▶ [Task prompt]
Repeat the lines below exactly as written, please, from the line with "- Lock1: lock: unknown" to the line with "- Coincident14: coincident", both lines included, and no others.

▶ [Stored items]
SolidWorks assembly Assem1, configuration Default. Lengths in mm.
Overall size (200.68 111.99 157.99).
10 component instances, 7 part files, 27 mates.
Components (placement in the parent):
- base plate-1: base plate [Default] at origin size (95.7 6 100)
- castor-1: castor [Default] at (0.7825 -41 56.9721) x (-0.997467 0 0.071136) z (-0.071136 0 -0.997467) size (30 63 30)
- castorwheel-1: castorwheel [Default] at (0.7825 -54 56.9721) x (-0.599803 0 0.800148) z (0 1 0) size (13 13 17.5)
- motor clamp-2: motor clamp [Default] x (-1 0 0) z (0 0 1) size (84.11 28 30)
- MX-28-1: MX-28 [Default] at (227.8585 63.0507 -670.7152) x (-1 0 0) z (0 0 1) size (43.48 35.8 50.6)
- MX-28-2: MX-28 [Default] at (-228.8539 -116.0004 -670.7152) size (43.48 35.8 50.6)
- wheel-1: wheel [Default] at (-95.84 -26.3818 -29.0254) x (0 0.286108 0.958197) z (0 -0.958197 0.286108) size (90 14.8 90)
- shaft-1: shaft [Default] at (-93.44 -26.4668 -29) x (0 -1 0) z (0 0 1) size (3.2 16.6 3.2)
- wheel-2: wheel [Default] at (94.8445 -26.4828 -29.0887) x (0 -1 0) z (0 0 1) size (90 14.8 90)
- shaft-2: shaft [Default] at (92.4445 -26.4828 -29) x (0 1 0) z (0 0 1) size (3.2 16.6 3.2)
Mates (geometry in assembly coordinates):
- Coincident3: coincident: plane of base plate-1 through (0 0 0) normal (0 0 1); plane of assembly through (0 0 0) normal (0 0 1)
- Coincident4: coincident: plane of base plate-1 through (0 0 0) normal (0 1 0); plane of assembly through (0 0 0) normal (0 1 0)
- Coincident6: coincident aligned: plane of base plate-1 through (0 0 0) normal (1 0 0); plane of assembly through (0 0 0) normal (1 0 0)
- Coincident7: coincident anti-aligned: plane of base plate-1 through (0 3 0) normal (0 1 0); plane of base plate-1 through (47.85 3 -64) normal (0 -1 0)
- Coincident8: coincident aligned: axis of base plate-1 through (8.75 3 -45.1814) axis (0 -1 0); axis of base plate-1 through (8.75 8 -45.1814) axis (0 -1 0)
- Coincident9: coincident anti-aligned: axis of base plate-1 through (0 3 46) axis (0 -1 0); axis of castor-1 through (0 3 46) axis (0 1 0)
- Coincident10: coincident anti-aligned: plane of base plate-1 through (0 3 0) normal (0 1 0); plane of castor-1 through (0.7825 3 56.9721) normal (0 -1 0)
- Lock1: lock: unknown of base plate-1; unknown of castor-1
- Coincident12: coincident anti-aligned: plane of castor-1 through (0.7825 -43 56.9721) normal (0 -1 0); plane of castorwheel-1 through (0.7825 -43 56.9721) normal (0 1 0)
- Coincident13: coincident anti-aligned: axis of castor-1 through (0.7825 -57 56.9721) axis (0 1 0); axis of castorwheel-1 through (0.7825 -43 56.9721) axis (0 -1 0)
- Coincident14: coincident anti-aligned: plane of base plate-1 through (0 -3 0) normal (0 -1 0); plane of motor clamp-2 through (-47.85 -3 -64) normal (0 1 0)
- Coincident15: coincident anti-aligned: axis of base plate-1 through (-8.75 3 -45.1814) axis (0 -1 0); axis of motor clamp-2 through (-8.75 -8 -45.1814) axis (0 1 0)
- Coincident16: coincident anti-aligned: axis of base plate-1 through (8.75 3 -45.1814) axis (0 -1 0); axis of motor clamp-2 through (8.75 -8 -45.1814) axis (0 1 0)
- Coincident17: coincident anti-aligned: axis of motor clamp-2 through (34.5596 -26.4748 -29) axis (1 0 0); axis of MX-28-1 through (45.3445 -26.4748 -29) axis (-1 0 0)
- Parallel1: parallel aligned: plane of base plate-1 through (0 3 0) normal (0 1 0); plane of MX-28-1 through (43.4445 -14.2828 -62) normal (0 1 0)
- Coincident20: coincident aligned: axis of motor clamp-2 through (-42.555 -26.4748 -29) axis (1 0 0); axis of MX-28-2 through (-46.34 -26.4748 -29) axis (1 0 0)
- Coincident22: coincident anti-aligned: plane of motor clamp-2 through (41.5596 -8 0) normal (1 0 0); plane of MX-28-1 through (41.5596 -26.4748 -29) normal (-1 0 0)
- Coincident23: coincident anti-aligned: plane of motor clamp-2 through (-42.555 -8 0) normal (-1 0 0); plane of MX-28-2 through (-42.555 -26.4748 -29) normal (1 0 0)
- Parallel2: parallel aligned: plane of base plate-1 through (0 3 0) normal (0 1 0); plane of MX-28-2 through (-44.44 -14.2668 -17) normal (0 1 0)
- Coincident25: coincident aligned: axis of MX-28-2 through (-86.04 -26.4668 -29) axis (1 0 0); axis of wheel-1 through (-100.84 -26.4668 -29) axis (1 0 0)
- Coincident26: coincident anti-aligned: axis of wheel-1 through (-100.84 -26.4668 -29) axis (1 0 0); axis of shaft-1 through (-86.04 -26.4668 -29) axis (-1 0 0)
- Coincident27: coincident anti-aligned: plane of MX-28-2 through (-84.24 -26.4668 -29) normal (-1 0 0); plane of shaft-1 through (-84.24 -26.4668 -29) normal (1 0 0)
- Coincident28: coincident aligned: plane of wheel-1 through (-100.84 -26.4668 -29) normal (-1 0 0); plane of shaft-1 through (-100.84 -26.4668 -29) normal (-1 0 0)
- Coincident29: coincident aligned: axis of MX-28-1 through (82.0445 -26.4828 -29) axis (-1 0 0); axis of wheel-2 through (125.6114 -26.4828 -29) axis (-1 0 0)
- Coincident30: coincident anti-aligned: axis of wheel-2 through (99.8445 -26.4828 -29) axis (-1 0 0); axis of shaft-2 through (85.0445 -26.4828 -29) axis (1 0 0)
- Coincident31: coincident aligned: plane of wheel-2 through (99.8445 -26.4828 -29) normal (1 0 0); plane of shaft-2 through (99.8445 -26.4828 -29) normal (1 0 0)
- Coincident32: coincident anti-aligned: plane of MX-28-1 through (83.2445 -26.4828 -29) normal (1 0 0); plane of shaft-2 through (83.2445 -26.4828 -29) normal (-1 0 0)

▶ [Answer to the problem]
- Lock1: lock: unknown of base plate-1; unknown of castor-1
- Coincident12: coincident anti-aligned: plane of castor-1 through (0.7825 -43 56.9721) normal (0 -1 0); plane of castorwheel-1 through (0.7825 -43 56.9721) normal (0 1 0)
- Coincident13: coincident anti-aligned: axis of castor-1 through (0.7825 -57 56.9721) axis (0 1 0); axis of castorwheel-1 through (0.7825 -43 56.9721) axis (0 -1 0)
- Coincident14: coincident anti-aligned: plane of base plate-1 through (0 -3 0) normal (0 -1 0); plane of motor clamp-2 through (-47.85 -3 -64) normal (0 1 0)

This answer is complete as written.